Re: [Nmh-workers] More robust header parsing...? Yahoo groups problems.

From: Ralph Corderoy
Subject: Re: [Nmh-workers] More robust header parsing...? Yahoo groups problems. Header dump and mod utilities... (Resent with attachment.)
Date: Sat, 22 Jun 2013 12:00:32 +0100

Hi Doug,

> I found a utility called "grabyahoogroup" on SourceForge and sucked
> all the messages from a group into a folder in my nmh directory. (The
> regular expressions needed a bit of tweaking, but I got it on the
> third try and messages started showing up.) So far, so good.

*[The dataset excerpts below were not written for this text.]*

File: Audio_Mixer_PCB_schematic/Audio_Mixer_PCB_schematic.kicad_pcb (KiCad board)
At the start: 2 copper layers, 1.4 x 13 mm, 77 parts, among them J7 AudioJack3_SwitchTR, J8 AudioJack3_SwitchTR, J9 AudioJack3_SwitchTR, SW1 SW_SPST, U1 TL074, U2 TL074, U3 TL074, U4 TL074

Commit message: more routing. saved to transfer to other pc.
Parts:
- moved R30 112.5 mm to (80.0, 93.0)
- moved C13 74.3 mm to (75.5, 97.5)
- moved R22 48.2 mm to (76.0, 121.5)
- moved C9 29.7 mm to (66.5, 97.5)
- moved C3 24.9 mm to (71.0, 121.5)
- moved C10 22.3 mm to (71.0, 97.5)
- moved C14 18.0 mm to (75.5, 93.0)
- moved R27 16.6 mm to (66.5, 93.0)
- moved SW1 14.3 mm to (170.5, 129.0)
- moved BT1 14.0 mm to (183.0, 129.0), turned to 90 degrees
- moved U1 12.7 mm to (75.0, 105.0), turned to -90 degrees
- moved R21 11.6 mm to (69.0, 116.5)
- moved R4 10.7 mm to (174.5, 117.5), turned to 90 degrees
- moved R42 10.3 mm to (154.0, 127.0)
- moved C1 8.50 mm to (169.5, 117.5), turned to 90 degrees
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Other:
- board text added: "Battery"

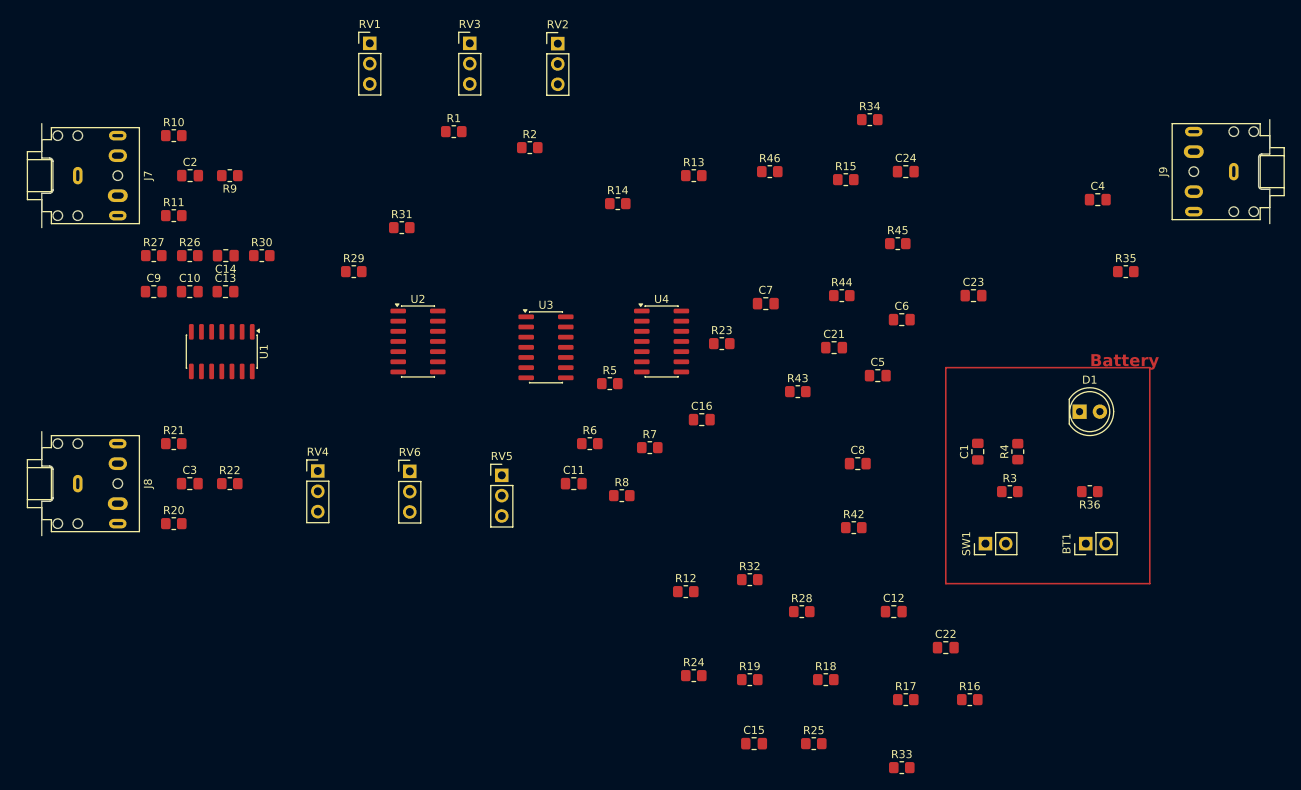
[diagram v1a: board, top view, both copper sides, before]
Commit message: routed all traces, moved components to better looking areas, fixed all DRC errors
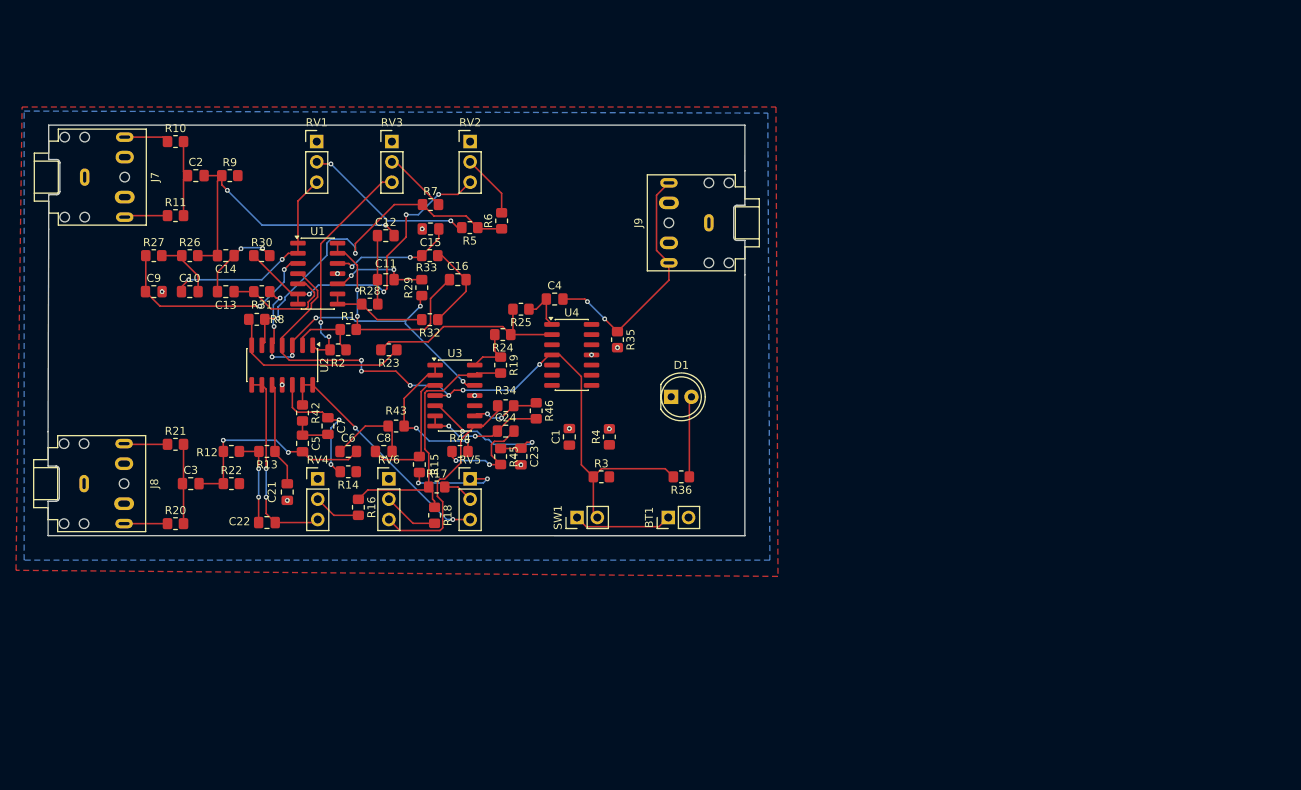
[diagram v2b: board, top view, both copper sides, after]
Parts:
- moved R33 87.0 mm to (101.0, 93.0)
- moved C22 86.3 mm to (80.6, 126.4), turned to 180 degrees
- moved R16 80.1 mm to (92.1, 124.5), turned to -90 degrees
- moved C12 79.0 mm to (95.5, 90.5)
- moved C15 76.0 mm to (101.1, 89.7), turned to 180 degrees
- moved C5 72.4 mm to (85.1, 116.5), turned to -90 degrees
- moved C6 71.1 mm to (90.8, 117.5)
- moved C21 70.7 mm to (83.2, 122.6), turned to -90 degrees
- moved R42 70.4 mm to (85.1, 112.7), turned to -90 degrees
- moved C4 69.0 mm to (116.6, 98.4)
- moved R28 66.3 mm to (93.5, 99.1)
- moved J9 65.9 mm to (135.9, 88.9)
- moved R25 65.5 mm to (112.4, 99.7), turned to 180 degrees
- moved R17 64.4 mm to (101.9, 121.9)
- moved R35 64.1 mm to (124.5, 103.5), turned to -90 degrees
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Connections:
- C15 pad 2: 0 -> GND
- C21 pad 2: 0 -> GND
- C23 pad 2: 0 -> GND
- C9 pad 2: 0 -> GND
- R23 pad 1: Net-(U4A--) -> Net-(R23-Pad1)
- R23 pad 2: Net-(R23-Pad2) -> Net-(U4A--)
- R8 pad 1: Net-(R23-Pad2) -> Net-(R23-Pad1)
- U2 pad 7: Net-(R23-Pad2) -> Net-(R23-Pad1)
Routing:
- net +9V: track 0.00 -> 87.6 mm, vias 0 -> 6
- net VRef: track 0.00 -> 58.0 mm, vias 0 -> 9
- net Net-(U2B--): track 0.00 -> 44.8 mm, vias 0 -> 2
- net Net-(U1B--): track 0.00 -> 40.8 mm, vias 0 -> 4
- net Net-(C12-Pad2): track 0.00 -> 40.4 mm, vias 0 -> 2
- net Net-(U3D--): track 0.00 -> 34.7 mm
- net Net-(C4-Pad2): track 0.00 -> 31.1 mm, vias 0 -> 2
- net Net-(U2D--): track 0.00 -> 30.5 mm, vias 0 -> 2
- net Net-(R2-Pad2): track 0.00 -> 28.6 mm, vias 0 -> 2
- net Net-(U1D--): track 0.00 -> 28.5 mm, vias 0 -> 2
- net Net-(U1A-+): track 0.00 -> 27.4 mm, vias 0 -> 2
- net Net-(R34-Pad2): track 0.00 -> 27.0 mm
- net Net-(U1A--): track 0.00 -> 26.7 mm, vias 0 -> 2
- net Net-(C3-Pad2): track 0.00 -> 26.6 mm, vias 0 -> 2
- net Net-(U4A--): track 0.00 -> 26.3 mm
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- added copper zone on B.Cu, net GND
- added copper zone on F.Cu, net VRef
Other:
- board size 1.4 x 13 mm -> 87.1 x 51.3 mm
- board text removed: "Battery"

Unless the tweaks still aren't quite right and are stripping the leading
whitespace from the continued headers.  ;-)

> However, Yahoo seems to strip the whitespace from the front of header
> continuation lines, and nmh doesn't handle that properly.

nmh can't handle that;  it's invalid input and not generally resolvable
as to what was meant.  The original

    X-Mailer: Foo, Version: 3.14

could be corrupted to

    X-Mailer: Foo,
    Version: 3.14

and that's perfectly valid input of two headers.

> # Header keywords start with a capital letter and end with a colon
> headerfield = re.compile('^[A-Z][A-Za-z_-]*?:')

Just to note they don't have to have a capital letter at the start.

I think this is a fairly unusual problem that needs an ad hoc solution
each time to cope with the peculiarities of each case.

Cheers, Ralph.